Only the lines from the one containing "#1=APPLICATION_CONTEXT('core data for" through the one containing "#9=PRODUCT_DEFINITION_SHAPE('','',#8);" should be printed, exactly as they appear below, with both ends included.

__Records for the task__.

------------------------------------

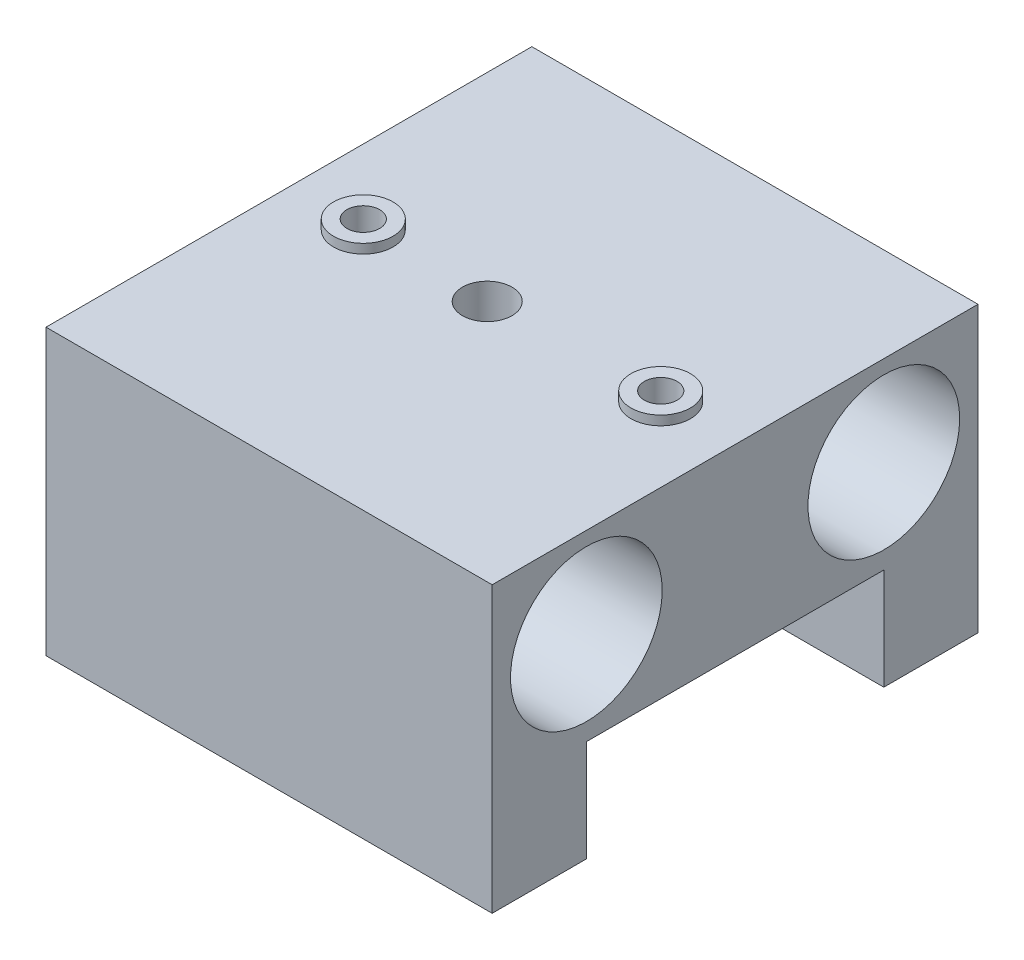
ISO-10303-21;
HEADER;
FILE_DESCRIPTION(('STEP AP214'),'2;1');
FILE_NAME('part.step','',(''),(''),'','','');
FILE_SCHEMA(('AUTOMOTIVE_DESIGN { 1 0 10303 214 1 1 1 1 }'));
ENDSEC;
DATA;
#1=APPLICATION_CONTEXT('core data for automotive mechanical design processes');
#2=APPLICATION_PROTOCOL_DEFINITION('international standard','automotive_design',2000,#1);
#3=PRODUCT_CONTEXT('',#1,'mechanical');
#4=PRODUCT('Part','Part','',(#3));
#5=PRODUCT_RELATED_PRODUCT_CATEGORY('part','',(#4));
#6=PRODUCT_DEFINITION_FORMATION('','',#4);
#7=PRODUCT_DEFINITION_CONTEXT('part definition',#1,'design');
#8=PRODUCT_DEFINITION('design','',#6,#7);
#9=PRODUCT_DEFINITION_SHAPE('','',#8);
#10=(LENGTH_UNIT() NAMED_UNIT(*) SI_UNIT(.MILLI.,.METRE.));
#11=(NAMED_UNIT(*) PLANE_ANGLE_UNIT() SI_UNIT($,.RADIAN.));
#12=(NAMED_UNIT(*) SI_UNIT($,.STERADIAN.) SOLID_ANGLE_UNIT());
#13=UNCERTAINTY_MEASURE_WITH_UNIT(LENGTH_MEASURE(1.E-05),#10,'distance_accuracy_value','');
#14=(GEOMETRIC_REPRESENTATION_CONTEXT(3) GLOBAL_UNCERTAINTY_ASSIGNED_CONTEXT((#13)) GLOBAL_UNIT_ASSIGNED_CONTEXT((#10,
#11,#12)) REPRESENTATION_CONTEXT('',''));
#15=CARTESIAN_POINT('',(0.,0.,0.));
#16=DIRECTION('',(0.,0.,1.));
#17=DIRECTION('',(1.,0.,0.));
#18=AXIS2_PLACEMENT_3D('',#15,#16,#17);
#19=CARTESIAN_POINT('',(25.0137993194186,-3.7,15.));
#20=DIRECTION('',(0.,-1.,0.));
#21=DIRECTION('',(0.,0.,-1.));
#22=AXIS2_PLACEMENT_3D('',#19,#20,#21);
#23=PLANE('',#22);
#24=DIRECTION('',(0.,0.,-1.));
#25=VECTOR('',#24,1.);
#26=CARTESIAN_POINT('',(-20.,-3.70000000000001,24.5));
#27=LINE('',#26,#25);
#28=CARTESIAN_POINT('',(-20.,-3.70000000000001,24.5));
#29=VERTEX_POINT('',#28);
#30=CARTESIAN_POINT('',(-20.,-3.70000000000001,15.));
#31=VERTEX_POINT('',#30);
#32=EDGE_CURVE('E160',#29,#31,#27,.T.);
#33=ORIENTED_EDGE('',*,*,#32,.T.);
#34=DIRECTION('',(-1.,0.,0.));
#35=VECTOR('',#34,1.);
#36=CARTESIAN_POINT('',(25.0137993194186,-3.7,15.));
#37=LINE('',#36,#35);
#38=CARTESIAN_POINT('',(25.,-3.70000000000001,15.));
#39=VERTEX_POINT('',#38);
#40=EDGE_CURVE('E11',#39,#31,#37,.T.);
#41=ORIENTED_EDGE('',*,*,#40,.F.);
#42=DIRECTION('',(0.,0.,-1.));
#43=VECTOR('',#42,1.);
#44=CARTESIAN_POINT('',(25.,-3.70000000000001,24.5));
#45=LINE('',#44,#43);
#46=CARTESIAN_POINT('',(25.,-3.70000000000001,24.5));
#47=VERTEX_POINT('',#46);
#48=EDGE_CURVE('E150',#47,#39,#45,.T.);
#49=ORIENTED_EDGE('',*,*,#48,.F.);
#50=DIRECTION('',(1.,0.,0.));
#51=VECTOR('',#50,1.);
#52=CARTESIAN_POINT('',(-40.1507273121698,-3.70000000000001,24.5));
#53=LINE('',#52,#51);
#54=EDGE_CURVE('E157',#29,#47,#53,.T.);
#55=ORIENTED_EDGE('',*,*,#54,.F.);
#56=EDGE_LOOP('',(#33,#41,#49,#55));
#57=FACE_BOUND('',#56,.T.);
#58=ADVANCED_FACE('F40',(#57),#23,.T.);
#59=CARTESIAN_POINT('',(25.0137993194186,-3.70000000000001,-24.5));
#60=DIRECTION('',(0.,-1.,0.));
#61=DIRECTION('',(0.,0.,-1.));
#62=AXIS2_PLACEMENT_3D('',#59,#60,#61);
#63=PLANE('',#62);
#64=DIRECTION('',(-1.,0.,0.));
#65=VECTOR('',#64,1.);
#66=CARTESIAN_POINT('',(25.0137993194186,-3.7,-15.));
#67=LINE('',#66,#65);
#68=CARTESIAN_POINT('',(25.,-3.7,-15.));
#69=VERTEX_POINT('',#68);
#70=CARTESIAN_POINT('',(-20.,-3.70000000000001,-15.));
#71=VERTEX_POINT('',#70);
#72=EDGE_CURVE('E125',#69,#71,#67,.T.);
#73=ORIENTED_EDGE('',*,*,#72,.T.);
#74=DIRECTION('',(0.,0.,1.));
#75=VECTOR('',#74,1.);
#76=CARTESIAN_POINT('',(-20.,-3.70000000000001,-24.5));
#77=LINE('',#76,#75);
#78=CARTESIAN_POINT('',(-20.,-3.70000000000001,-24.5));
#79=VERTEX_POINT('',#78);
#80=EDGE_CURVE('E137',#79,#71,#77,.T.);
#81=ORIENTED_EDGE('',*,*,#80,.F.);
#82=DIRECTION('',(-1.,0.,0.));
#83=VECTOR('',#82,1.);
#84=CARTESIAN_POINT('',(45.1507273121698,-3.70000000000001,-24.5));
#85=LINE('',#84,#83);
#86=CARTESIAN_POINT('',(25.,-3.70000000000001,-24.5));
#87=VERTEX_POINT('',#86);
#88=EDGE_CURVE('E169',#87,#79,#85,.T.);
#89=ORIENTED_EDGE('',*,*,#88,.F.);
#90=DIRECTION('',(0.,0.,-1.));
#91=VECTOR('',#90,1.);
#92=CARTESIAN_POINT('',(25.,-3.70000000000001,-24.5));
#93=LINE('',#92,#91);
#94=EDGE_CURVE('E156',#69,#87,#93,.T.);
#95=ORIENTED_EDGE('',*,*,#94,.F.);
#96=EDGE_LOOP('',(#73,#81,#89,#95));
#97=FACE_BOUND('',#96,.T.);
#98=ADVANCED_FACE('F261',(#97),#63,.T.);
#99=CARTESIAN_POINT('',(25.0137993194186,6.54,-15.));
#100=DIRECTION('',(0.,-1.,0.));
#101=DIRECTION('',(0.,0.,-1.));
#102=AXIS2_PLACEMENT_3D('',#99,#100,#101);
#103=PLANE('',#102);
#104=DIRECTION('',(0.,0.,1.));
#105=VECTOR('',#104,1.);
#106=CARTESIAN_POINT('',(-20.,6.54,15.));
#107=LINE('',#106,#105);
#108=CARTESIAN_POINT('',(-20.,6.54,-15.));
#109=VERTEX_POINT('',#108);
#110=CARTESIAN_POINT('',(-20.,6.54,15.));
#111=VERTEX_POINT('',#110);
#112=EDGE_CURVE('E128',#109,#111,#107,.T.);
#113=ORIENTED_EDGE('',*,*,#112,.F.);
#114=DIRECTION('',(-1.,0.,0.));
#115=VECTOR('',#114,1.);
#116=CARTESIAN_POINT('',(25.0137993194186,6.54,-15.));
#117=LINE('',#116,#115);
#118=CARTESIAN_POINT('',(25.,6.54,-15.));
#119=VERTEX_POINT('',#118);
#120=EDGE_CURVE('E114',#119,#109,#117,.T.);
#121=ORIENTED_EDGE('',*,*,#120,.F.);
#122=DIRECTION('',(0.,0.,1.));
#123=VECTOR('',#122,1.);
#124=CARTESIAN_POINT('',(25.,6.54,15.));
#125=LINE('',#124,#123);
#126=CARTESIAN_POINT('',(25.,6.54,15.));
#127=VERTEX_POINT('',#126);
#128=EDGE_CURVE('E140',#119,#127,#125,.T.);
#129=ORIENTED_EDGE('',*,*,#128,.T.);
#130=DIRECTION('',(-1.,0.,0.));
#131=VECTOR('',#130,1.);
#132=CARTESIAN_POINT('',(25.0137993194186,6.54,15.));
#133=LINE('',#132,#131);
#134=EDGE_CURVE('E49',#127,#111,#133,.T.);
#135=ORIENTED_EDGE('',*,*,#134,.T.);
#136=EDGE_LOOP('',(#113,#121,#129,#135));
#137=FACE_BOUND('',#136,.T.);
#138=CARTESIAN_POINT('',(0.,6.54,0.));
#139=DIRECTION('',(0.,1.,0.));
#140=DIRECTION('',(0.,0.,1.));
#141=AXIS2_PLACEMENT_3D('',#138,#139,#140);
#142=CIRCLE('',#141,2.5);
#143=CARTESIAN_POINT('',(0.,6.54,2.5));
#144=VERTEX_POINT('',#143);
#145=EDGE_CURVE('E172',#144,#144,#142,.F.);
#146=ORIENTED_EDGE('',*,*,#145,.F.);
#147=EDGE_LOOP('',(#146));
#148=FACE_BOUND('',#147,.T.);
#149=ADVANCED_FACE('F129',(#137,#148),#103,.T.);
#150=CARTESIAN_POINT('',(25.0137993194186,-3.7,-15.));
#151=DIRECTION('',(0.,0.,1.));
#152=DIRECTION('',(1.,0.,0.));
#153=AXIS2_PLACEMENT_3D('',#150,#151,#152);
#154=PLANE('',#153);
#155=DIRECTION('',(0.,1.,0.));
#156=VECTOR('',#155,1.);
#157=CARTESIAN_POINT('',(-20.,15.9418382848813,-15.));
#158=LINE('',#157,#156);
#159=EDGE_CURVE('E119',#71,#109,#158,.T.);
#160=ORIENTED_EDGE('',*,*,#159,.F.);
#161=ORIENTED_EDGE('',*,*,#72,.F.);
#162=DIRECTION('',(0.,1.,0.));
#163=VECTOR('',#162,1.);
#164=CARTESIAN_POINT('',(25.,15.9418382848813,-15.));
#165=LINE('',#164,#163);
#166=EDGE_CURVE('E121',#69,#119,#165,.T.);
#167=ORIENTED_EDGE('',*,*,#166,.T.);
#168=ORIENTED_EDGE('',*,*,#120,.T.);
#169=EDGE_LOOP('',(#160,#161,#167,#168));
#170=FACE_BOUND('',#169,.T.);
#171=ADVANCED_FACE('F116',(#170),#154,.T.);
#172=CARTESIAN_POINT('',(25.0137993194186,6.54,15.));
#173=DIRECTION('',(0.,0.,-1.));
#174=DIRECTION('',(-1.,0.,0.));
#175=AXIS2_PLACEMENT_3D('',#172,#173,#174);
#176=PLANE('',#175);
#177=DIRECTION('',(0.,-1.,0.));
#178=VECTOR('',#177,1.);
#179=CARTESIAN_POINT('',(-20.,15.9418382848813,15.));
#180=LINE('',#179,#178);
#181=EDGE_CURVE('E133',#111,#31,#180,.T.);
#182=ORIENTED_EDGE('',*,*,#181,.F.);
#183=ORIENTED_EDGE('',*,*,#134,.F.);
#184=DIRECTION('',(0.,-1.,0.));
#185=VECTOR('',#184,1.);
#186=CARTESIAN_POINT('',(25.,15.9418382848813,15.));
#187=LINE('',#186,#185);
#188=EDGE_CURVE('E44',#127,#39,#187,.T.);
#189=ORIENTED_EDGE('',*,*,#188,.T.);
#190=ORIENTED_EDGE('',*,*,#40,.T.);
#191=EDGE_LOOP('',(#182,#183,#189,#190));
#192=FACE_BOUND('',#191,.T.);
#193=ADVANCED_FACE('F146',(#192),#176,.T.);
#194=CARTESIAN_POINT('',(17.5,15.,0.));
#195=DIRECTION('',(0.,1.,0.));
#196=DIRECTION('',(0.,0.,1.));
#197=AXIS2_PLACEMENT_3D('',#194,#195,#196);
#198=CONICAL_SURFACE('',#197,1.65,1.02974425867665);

------------------------------------

__Solved exercise__.
#1=APPLICATION_CONTEXT('core data for automotive mechanical design processes');
#2=APPLICATION_PROTOCOL_DEFINITION('international standard','automotive_design',2000,#1);
#3=PRODUCT_CONTEXT('',#1,'mechanical');
#4=PRODUCT('Part','Part','',(#3));
#5=PRODUCT_RELATED_PRODUCT_CATEGORY('part','',(#4));
#6=PRODUCT_DEFINITION_FORMATION('','',#4);
#7=PRODUCT_DEFINITION_CONTEXT('part definition',#1,'design');
#8=PRODUCT_DEFINITION('design','',#6,#7);
#9=PRODUCT_DEFINITION_SHAPE('','',#8);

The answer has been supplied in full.